*DIRECTIONS FOR THIS TASK:*
Once the line containing "line L5 (-34.3261, 37)" is found, set down that line and each one after it exactly, through the end of the entries.

***** RECORDS FOR THIS EXERCISE

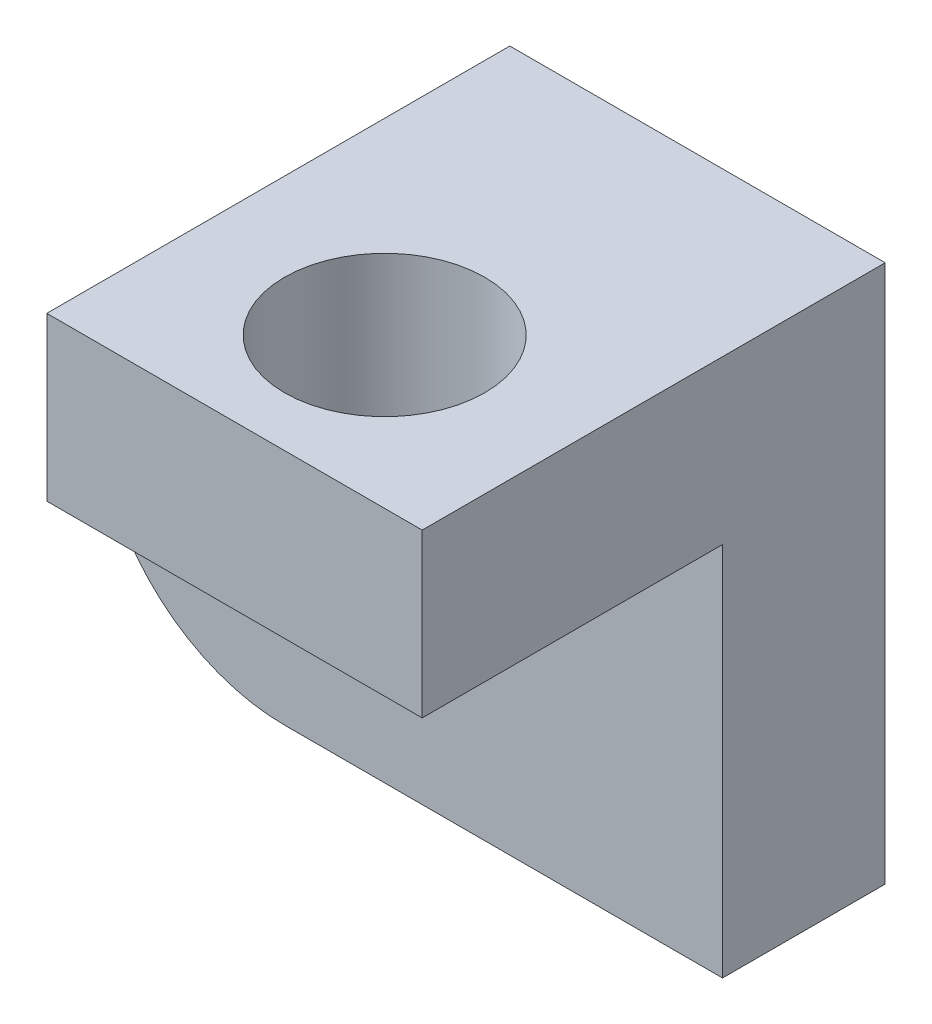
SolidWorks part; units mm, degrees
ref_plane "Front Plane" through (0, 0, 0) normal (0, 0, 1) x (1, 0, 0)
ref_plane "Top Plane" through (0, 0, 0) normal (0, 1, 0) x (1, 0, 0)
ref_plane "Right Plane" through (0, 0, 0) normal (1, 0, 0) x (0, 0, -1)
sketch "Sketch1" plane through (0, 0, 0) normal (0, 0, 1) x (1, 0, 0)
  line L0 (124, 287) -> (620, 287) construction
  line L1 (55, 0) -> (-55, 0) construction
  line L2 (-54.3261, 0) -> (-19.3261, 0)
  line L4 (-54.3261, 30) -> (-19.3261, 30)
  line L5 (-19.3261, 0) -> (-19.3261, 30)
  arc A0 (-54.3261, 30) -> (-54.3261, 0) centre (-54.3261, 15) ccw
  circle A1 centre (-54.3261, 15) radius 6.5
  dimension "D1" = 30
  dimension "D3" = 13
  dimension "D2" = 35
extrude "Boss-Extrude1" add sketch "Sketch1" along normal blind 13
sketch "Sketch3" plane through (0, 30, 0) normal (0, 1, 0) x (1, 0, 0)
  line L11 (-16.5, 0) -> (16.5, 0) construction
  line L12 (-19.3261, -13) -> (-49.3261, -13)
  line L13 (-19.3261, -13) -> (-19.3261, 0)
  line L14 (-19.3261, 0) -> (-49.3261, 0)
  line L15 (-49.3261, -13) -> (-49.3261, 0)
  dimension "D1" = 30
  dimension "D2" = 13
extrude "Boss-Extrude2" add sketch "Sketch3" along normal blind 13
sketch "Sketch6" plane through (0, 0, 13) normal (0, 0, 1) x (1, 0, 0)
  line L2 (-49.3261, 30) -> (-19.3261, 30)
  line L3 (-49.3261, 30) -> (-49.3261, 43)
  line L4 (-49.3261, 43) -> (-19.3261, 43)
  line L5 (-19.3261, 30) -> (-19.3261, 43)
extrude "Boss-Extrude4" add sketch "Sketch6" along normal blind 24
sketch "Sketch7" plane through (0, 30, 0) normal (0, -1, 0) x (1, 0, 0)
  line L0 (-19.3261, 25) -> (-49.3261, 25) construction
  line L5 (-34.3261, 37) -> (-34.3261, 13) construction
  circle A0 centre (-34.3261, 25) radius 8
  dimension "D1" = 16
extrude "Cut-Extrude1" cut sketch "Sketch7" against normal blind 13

**********

*OUTPUT:*
  line L5 (-34.3261, 37) -> (-34.3261, 13) construction
  circle A0 centre (-34.3261, 25) radius 8
  dimension "D1" = 16
extrude "Cut-Extrude1" cut sketch "Sketch7" against normal blind 13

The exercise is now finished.